- _Assigned task_: Nothing but a number belongs in the answer: how many lines of the records below contain the string "VECTOR".

- _Material for the task_:
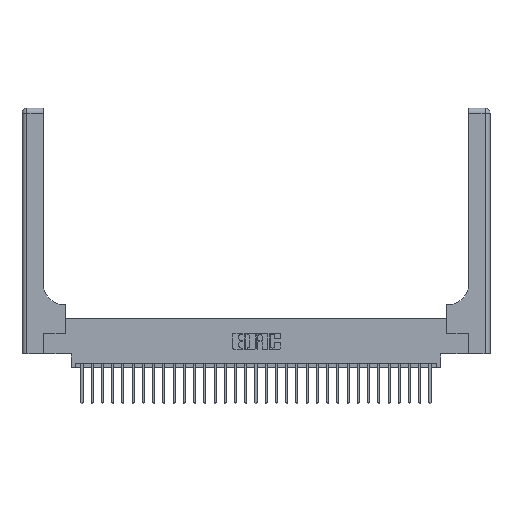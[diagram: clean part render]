
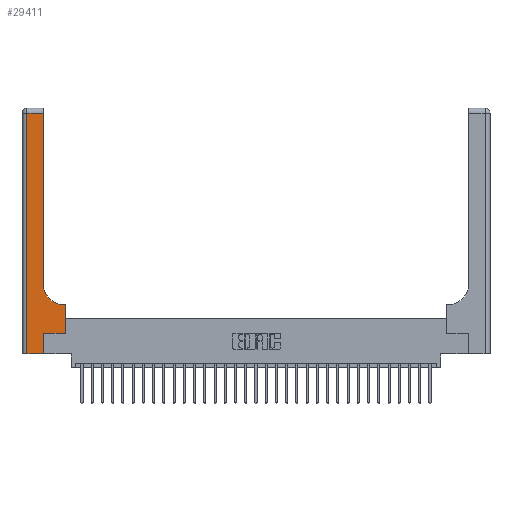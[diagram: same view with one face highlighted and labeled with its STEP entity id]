
A CAD part, top view. The second image highlights one B-rep face of the part: STEP entity #29411.
In plain terms, the highlighted planar face has unit normal (0, 0, 1).
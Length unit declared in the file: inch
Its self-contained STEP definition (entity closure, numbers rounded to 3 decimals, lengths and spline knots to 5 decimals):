
#261 = VERTEX_POINT ( 'NONE', #27706 ) ;
#640 = ORIENTED_EDGE ( 'NONE', *, *, #12458, .T. ) ;
#641 = DIRECTION ( 'NONE',  ( 0., 1., 0. ) ) ;
#692 = ORIENTED_EDGE ( 'NONE', *, *, #25626, .T. ) ;
#823 = CARTESIAN_POINT ( 'NONE',  ( 0.06, 2.94, 0.37 ) ) ;
#1195 = DIRECTION ( 'NONE',  ( 0., -1., 0. ) ) ;
#1341 = LINE ( 'NONE', #5990, #7998 ) ;
#1993 = VECTOR ( 'NONE', #641, 39.37008 ) ;
#2025 = CARTESIAN_POINT ( 'NONE',  ( 0.265, 0., 0.37 ) ) ;
#2123 = CIRCLE ( 'NONE', #4522, 0.25 ) ;
#2647 = DIRECTION ( 'NONE',  ( 1., 0., 0. ) ) ;
#3037 = VERTEX_POINT ( 'NONE', #2025 ) ;
#3885 = VERTEX_POINT ( 'NONE', #4353 ) ;
#4295 = EDGE_CURVE ( 'NONE', #3037, #3885, #17216, .T. ) ;
#4353 = CARTESIAN_POINT ( 'NONE',  ( 0.265, 0.25, 0.37 ) ) ;
#4522 = AXIS2_PLACEMENT_3D ( 'NONE', #6214, #8162, #24320 ) ;
#5017 = VERTEX_POINT ( 'NONE', #10233 ) ;
#5695 = CARTESIAN_POINT ( 'NONE',  ( 0.06, 3., 0.37 ) ) ;
#5990 = CARTESIAN_POINT ( 'NONE',  ( 0., 2.94, 0.37 ) ) ;
#6214 = CARTESIAN_POINT ( 'NONE',  ( 0.51, 0.85, 0.37 ) ) ;
#6526 = VERTEX_POINT ( 'NONE', #21375 ) ;
#6654 = CARTESIAN_POINT ( 'NONE',  ( 0.265, 0.25, 0.37 ) ) ;
#7007 = LINE ( 'NONE', #25120, #20391 ) ;
#7998 = VECTOR ( 'NONE', #15123, 39.37008 ) ;
#8081 = FACE_OUTER_BOUND ( 'NONE', #14337, .T. ) ;
#8162 = DIRECTION ( 'NONE',  ( 0., 0., -1. ) ) ;
#8183 = ORIENTED_EDGE ( 'NONE', *, *, #4295, .T. ) ;
#8711 = EDGE_CURVE ( 'NONE', #3885, #17864, #9037, .T. ) ;
#9037 = LINE ( 'NONE', #6654, #19304 ) ;
#9457 = AXIS2_PLACEMENT_3D ( 'NONE', #25881, #14514, #23644 ) ;
#10233 = CARTESIAN_POINT ( 'NONE',  ( 0.51, 0.6, 0.37 ) ) ;
#10912 = CARTESIAN_POINT ( 'NONE',  ( 0.528, 0.25, 0.37 ) ) ;
#12300 = VERTEX_POINT ( 'NONE', #823 ) ;
#12331 = LINE ( 'NONE', #19084, #1993 ) ;
#12458 = EDGE_CURVE ( 'NONE', #5017, #6526, #2123, .T. ) ;
#12860 = LINE ( 'NONE', #10912, #26101 ) ;
#13286 = VERTEX_POINT ( 'NONE', #20324 ) ;
#13482 = DIRECTION ( 'NONE',  ( -1., 0., 0. ) ) ;
#13739 = ORIENTED_EDGE ( 'NONE', *, *, #22730, .T. ) ;
#14072 = EDGE_CURVE ( 'NONE', #6526, #28056, #12331, .T. ) ;
#14337 = EDGE_LOOP ( 'NONE', ( #22475, #692, #19970, #18771, #8183, #18012, #13739, #22168, #640 ) ) ;
#14514 = DIRECTION ( 'NONE',  ( 0., 0., -1. ) ) ;
#15123 = DIRECTION ( 'NONE',  ( -1., 0., 0. ) ) ;
#15592 = LINE ( 'NONE', #24413, #15909 ) ;
#15776 = DIRECTION ( 'NONE',  ( 1., 0., 0. ) ) ;
#15909 = VECTOR ( 'NONE', #13482, 39.37008 ) ;
#17079 = LINE ( 'NONE', #5695, #25365 ) ;
#17216 = LINE ( 'NONE', #19627, #19265 ) ;
#17286 = EDGE_CURVE ( 'NONE', #261, #5017, #15592, .T. ) ;
#17864 = VERTEX_POINT ( 'NONE', #21678 ) ;
#18012 = ORIENTED_EDGE ( 'NONE', *, *, #8711, .T. ) ;
#18771 = ORIENTED_EDGE ( 'NONE', *, *, #22834, .T. ) ;
#19084 = CARTESIAN_POINT ( 'NONE',  ( 0.26, 3., 0.37 ) ) ;
#19265 = VECTOR ( 'NONE', #26333, 39.37008 ) ;
#19304 = VECTOR ( 'NONE', #15776, 39.37008 ) ;
#19354 = EDGE_CURVE ( 'NONE', #12300, #13286, #17079, .T. ) ;
#19627 = CARTESIAN_POINT ( 'NONE',  ( 0.265, 0., 0.37 ) ) ;
#19970 = ORIENTED_EDGE ( 'NONE', *, *, #19354, .T. ) ;
#20324 = CARTESIAN_POINT ( 'NONE',  ( 0.06, 0., 0.37 ) ) ;
#20391 = VECTOR ( 'NONE', #2647, 39.37008 ) ;
#21375 = CARTESIAN_POINT ( 'NONE',  ( 0.26, 0.85, 0.37 ) ) ;
#21678 = CARTESIAN_POINT ( 'NONE',  ( 0.528, 0.25, 0.37 ) ) ;
#21994 = DIRECTION ( 'NONE',  ( 0., 1., 0. ) ) ;
#22168 = ORIENTED_EDGE ( 'NONE', *, *, #17286, .T. ) ;
#22475 = ORIENTED_EDGE ( 'NONE', *, *, #14072, .T. ) ;
#22730 = EDGE_CURVE ( 'NONE', #17864, #261, #12860, .T. ) ;
#22834 = EDGE_CURVE ( 'NONE', #13286, #3037, #7007, .T. ) ;
#23644 = DIRECTION ( 'NONE',  ( -1., 0., 0. ) ) ;
#24320 = DIRECTION ( 'NONE',  ( 1., 0., 0. ) ) ;
#24413 = CARTESIAN_POINT ( 'NONE',  ( 0.26, 0.6, 0.37 ) ) ;
#25120 = CARTESIAN_POINT ( 'NONE',  ( 0., 0., 0.37 ) ) ;
#25365 = VECTOR ( 'NONE', #1195, 39.37008 ) ;
#25626 = EDGE_CURVE ( 'NONE', #28056, #12300, #1341, .T. ) ;
#25881 = CARTESIAN_POINT ( 'NONE',  ( 0., 3., 0.37 ) ) ;
#26101 = VECTOR ( 'NONE', #21994, 39.37008 ) ;
#26333 = DIRECTION ( 'NONE',  ( 0., 1., 0. ) ) ;
#27706 = CARTESIAN_POINT ( 'NONE',  ( 0.528, 0.6, 0.37 ) ) ;
#28056 = VERTEX_POINT ( 'NONE', #28821 ) ;
#28134 = PLANE ( 'NONE',  #9457 ) ;
#28821 = CARTESIAN_POINT ( 'NONE',  ( 0.26, 2.94, 0.37 ) ) ;
#29411 = ADVANCED_FACE ( 'NONE', ( #8081 ), #28134, .F. ) ;

- _Answer for the task_: 8